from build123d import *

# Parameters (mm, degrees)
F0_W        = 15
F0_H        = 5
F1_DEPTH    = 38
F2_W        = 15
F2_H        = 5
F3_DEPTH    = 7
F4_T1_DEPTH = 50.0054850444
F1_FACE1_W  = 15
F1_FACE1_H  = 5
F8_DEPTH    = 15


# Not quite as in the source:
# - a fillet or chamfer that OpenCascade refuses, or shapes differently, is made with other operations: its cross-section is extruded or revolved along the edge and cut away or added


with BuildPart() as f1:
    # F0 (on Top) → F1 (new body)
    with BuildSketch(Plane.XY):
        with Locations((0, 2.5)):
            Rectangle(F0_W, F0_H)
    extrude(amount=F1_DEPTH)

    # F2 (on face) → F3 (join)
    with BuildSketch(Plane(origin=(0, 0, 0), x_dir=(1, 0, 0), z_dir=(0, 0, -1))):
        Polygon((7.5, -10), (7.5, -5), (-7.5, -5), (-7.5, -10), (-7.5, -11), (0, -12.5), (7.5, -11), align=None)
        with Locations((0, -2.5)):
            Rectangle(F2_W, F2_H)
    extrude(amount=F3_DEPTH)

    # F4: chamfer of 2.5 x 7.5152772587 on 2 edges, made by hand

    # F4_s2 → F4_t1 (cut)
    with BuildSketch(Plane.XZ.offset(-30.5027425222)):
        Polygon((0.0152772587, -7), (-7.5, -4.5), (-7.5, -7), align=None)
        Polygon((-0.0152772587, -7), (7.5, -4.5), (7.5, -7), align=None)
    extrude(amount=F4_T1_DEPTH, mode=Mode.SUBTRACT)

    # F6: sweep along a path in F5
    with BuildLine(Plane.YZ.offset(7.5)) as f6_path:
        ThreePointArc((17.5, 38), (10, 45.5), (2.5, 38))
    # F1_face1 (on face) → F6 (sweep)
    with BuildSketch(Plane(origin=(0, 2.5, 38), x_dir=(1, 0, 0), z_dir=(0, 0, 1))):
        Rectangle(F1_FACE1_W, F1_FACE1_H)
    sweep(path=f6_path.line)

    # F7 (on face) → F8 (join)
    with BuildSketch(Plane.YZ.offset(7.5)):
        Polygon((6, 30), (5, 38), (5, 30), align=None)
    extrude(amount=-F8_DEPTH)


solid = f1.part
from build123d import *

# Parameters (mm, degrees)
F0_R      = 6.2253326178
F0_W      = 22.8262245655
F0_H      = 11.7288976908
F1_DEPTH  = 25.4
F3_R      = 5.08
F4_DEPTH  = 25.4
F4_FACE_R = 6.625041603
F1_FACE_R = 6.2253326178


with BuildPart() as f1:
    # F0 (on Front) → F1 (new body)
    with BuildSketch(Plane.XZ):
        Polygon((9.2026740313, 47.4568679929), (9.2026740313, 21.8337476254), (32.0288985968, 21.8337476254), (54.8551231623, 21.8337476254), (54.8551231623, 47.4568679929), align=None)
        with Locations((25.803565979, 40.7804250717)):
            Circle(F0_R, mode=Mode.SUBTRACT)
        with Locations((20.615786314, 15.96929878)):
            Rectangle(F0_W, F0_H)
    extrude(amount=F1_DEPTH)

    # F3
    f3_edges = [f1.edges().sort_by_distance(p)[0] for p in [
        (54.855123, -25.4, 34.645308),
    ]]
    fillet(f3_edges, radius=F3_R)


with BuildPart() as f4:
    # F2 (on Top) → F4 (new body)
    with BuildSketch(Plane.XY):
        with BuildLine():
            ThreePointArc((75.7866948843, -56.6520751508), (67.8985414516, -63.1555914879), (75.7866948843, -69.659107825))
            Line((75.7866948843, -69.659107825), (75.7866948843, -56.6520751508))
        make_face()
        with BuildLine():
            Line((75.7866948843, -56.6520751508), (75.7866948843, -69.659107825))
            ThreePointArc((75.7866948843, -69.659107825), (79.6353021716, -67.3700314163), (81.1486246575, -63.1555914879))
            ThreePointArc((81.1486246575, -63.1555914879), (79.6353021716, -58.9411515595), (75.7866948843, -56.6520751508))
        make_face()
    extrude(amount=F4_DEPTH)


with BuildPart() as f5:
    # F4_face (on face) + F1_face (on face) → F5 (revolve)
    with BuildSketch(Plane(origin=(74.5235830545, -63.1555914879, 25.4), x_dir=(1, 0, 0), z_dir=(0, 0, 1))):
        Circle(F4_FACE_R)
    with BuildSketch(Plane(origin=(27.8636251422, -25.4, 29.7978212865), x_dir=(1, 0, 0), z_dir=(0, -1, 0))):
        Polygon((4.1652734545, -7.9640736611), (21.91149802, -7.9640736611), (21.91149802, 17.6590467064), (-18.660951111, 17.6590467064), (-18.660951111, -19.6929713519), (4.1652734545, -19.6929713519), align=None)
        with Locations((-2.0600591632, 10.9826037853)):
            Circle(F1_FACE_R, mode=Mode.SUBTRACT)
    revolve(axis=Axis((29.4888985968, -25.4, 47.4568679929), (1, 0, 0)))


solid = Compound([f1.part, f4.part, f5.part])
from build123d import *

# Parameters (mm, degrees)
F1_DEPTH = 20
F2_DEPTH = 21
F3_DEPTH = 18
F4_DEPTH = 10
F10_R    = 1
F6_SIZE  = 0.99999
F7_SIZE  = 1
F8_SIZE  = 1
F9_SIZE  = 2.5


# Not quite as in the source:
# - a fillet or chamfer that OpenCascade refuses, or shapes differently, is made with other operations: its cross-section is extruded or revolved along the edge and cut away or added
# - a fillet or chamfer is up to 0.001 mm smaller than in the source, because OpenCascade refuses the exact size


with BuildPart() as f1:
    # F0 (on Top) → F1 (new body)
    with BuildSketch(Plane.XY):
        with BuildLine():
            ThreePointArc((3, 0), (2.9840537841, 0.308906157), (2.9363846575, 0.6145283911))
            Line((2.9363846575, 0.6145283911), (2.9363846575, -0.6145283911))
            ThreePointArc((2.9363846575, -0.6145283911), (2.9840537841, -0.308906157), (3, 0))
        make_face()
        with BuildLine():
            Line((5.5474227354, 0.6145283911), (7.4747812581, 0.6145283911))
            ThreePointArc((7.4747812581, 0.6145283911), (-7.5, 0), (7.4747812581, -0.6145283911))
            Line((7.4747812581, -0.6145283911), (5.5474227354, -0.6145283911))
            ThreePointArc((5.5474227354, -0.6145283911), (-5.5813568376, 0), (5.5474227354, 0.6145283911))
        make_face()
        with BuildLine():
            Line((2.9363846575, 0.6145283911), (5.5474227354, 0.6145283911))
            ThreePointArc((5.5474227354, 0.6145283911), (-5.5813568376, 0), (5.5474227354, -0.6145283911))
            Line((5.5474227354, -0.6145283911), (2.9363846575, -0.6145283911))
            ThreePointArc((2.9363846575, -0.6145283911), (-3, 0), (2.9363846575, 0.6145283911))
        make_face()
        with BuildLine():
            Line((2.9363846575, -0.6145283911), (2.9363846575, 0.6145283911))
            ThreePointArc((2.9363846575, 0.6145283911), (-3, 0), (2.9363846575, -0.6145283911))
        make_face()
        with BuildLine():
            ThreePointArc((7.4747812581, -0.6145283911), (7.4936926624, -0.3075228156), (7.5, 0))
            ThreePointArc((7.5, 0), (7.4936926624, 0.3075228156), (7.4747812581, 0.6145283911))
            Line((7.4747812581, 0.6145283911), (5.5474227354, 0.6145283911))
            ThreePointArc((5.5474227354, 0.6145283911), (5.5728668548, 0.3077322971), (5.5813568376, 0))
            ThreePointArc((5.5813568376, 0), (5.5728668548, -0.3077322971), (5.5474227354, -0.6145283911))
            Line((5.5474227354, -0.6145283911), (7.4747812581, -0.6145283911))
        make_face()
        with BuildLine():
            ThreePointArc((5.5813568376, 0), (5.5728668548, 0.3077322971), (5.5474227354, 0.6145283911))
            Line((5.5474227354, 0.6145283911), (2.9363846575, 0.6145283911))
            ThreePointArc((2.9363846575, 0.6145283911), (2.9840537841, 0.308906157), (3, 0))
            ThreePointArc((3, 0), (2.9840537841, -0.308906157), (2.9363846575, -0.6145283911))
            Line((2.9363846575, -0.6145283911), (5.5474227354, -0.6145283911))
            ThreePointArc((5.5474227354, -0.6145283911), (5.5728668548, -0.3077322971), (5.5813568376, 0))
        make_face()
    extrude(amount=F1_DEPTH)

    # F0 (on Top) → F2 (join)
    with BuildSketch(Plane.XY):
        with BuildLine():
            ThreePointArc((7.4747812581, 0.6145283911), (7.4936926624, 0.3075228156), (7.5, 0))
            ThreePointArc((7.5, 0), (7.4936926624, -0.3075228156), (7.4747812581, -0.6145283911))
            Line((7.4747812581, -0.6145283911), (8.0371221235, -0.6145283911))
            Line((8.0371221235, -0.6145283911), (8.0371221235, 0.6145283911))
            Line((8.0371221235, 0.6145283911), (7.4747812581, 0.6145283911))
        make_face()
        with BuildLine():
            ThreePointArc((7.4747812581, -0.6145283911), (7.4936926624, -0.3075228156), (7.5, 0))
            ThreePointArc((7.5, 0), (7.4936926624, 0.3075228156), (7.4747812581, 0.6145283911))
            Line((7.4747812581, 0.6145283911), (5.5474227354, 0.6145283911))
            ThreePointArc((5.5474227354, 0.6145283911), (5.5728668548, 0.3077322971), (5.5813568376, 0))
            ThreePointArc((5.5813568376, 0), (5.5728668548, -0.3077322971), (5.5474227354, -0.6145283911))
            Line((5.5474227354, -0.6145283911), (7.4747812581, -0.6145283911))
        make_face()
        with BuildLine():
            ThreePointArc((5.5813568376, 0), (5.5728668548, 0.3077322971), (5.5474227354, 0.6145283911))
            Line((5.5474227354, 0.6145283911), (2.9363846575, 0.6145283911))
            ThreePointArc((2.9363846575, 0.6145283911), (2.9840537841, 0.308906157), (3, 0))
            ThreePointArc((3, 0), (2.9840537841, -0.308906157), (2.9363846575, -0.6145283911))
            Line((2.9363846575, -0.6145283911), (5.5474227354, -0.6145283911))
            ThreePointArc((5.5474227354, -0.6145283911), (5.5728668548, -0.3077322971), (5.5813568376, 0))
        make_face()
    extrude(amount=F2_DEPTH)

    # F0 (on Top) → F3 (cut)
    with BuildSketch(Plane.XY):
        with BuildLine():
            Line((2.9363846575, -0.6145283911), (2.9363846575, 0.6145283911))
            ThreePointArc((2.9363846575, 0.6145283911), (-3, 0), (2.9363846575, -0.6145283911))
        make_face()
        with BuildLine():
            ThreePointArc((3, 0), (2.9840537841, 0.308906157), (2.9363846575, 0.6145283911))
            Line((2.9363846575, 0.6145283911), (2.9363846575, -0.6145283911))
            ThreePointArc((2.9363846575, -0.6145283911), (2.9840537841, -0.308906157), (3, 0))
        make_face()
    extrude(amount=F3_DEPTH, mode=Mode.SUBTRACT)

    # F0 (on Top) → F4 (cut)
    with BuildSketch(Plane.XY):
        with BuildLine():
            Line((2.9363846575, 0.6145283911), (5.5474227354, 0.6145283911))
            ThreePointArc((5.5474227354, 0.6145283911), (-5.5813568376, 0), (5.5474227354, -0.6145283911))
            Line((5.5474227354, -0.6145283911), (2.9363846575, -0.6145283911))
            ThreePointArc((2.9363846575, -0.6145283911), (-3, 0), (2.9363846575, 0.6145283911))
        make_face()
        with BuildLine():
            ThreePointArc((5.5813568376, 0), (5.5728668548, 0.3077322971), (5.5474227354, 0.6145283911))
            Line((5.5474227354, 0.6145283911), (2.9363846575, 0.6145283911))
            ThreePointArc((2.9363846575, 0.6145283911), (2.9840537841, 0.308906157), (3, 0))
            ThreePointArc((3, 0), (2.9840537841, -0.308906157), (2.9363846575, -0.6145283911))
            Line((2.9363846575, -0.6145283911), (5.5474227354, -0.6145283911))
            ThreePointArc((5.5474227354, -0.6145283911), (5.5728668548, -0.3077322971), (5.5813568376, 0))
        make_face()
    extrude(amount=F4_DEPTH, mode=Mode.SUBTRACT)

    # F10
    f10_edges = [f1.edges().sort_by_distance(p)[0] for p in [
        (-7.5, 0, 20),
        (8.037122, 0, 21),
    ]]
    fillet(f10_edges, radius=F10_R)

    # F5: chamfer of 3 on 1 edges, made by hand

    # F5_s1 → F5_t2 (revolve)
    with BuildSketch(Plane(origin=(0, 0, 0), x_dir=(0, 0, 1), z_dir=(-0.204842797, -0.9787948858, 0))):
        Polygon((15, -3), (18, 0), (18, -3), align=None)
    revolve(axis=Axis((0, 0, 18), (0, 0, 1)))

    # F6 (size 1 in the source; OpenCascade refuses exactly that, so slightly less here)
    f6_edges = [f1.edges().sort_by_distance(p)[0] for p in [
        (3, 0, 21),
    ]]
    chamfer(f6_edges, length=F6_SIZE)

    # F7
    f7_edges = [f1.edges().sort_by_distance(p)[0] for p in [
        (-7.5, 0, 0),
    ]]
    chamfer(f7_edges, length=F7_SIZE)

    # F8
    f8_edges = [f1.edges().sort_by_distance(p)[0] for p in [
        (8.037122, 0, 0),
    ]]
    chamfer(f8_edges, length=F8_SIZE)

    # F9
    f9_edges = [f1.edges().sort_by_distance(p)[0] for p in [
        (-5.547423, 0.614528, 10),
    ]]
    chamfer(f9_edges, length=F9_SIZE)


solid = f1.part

^^^^

What to produce
Among the lines of the data, find every one that holds "Locations" and copy it.

Answer box
        with Locations((0, 2.5)):
        with Locations((0, -2.5)):
        with Locations((25.803565979, 40.7804250717)):
        with Locations((20.615786314, 15.96929878)):
        with Locations((-2.0600591632, 10.9826037853)):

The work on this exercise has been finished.